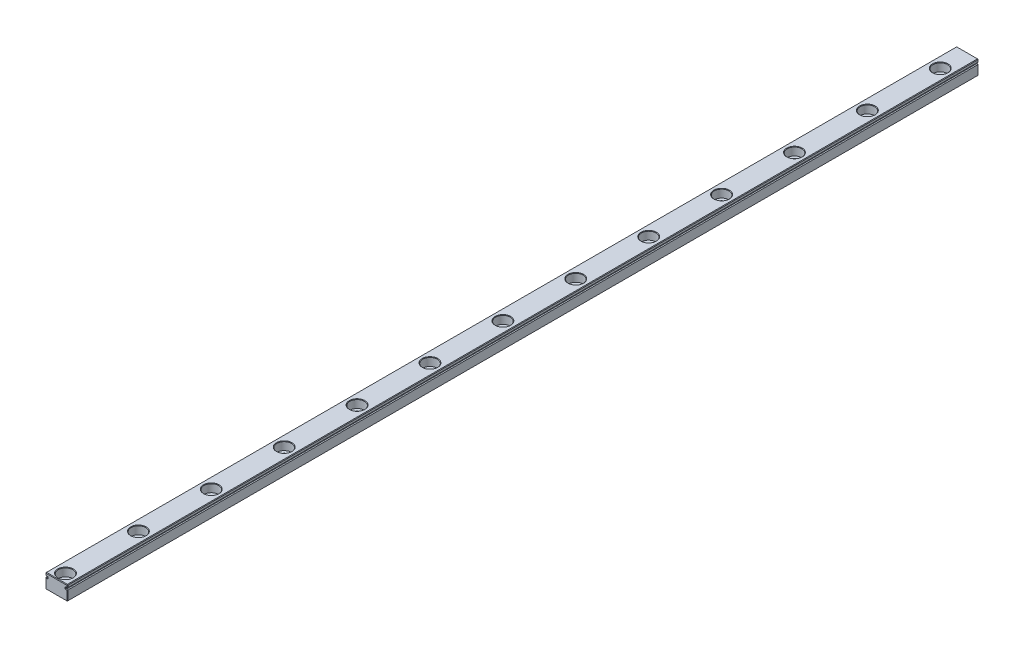
SolidWorks part; units mm, degrees
material "AISI 304"
ref_plane "Front Plane" through (0, 0, 0) normal (0, 0, 1) x (1, 0, 0)
ref_plane "Top Plane" through (0, 0, 0) normal (0, 1, 0) x (1, 0, 0)
ref_plane "Right Plane" through (0, 0, 0) normal (1, 0, 0) x (0, 0, -1)
sketch "Sketch1" plane through (0, 0, 0) normal (0, 0, 1) x (1, 0, 0)
  line L0 (0, 0) -> (0, 8) construction
  line L1 (0, 8) -> (12, 8)
  line L2 (0, 0) -> (12, 0)
  line L3 (0, 8) -> (0, 6.75)
  line L4 (0, 6.75) -> (0.5, 6.25) construction
  line L5 (0.5, 6.25) -> (1, 6.25)
  line L6 (0.5, 5.75) -> (0, 5.25) construction
  line L7 (0, 5.25) -> (0, 0)
  line L8 (1, 6.25) -> (1, 5.75)
  line L9 (1, 5.75) -> (0.5, 5.75)
  line L10 (0.5, 5.75) -> (0.75, 6) construction
  line L11 (0.75, 6) -> (0.5, 6.25) construction
  line L12 (0, 6.75) -> (0, 6.559)
  line L13 (0, 5.25) -> (0, 5.441)
  line L14 (6, 8) -> (6, 0) construction
  line L15 (11.25, 6) -> (11.5, 6.25) construction
  line L16 (11.5, 5.75) -> (11.25, 6) construction
  line L17 (11.5, 5.75) -> (12, 5.25) construction
  line L18 (12, 6.75) -> (11.5, 6.25) construction
  line L19 (12, 0) -> (12, 8) construction
  line L20 (12, 5.25) -> (12, 5.441)
  line L21 (12, 6.75) -> (12, 6.559)
  line L22 (11, 5.75) -> (11.5, 5.75)
  line L23 (11, 6.25) -> (11, 5.75)
  line L24 (12, 5.25) -> (12, 0)
  line L25 (11.5, 6.25) -> (11, 6.25)
  line L26 (12, 8) -> (12, 6.75)
  arc A0 (0, 5.441) -> (0.5, 5.75) centre (0, 6) ccw
  arc A1 (0.5, 6.25) -> (0, 6.559) centre (0, 6) ccw
  arc A2 (11.5, 6.25) -> (12, 6.559) centre (12, 6) cw
  arc A3 (12, 5.441) -> (11.5, 5.75) centre (12, 6) cw
  point P4 (1, 6)
  point P28 (11, 6)
  dimension "D1" = 8
  dimension "D2" = 6
  dimension "D3" = 0.5
  dimension "D4" = 45
  dimension "D5" = 2
  dimension "D6" = 1
extrude "Boss-Extrude1" add sketch "Sketch1" along normal blind 500
chamfer "Chamfer1" distance 0.3 angle 45 36 edges at (0, 0, 250) (12, 0, 250) (0, 8, 250) (12, 8, 250) (0.2939, 5.5245, 500) (0.75, 5.75, 500) (1, 6, 500) (0.75, 6.25, 500) (0.2939, 6.4755, 500) (0, 7.2795, 500) (6, 8, 500) (12, 7.2795, 500) (11.7061, 6.4755, 500) (11.25, 6.25, 500) (11, 6, 500) (11.25, 5.75, 500) (11.7061, 5.5245, 500) (12, 2.7205, 500) (6, 0, 500) (0, 2.7205, 500) (12, 2.7205, 0) (11.7061, 5.5245, 0) (11.25, 5.75, 0) (11, 6, 0) (11.25, 6.25, 0) (11.7061, 6.4755, 0) (12, 7.2795, 0) (6, 0, 0) (0, 2.7205, 0) (0.2939, 5.5245, 0) (0.75, 5.75, 0) (1, 6, 0) (0.75, 6.25, 0) (0.2939, 6.4755, 0) (0, 7.2795, 0) (6, 8, 0)
hole_wizard "CBORE for M5 Hex Head Bolt1" positions "3DSketch1" profile "Sketch3" counterbore size "M5" standard "ANSI Metric" end condition through all
sketch3d "3DSketch1"
  line L0 (6, 8, 0) -> (6, 8, 15) construction
  line L1 (11.7, 8, 0) -> (0.3, 8, 0) construction
  point P0 (6, 8, 15)
  dimension "D1" = 15
sketch "Sketch3" plane through (6, 8, 15) normal (1, 0, 0) x (0, 0, 1)
  line L0 (0, 0) -> (0, 8)
  line L1 (2.25, 7.75) -> (2.5, 8)
  line L2 (4, 4.5) -> (2.25, 4.5)
  line L3 (2.25, 4.5) -> (2.25, 7.75)
  line L5 (4, 4.5) -> (4, 0.25)
  line L6 (4, 0.25) -> (4.25, 0)
  line L7 (4.25, 0) -> (0, 0)
  line L8 (-4, 0.25) -> (-4.25, 0) construction
  line L11 (0, -6.35) -> (0, 107.95) construction
  line L12 (2.5, 8) -> (0, 8)
  line L13 (-2.25, 7.75) -> (-2.5, 8) construction
  dimension "Thru Hole Dia." = 4.5
  dimension "Thru Hole Depth" = 8
  dimension "C'Bore Dia." = 8
  dimension "C'Bore Depth" = 4.5
  dimension "Near C'Sink Dia." = 8.5
  dimension "Near C'Sink Angle" = 90
  dimension "Far C'Sink Dia." = 5
  dimension "Far C'Sink Angle" = 90
pattern_linear "LPattern1" count 13 spacing 40 along (0, 0, 1) of "CBORE for M5 Hex Head Bolt1"
--
> Exercise details
What lines in the listing include the string "CBORE"? Copy them out.

> Exercise output
hole_wizard "CBORE for M5 Hex Head Bolt1" positions "3DSketch1" profile "Sketch3" counterbore size "M5" standard "ANSI Metric" end condition through all
pattern_linear "LPattern1" count 13 spacing 40 along (0, 0, 1) of "CBORE for M5 Hex Head Bolt1"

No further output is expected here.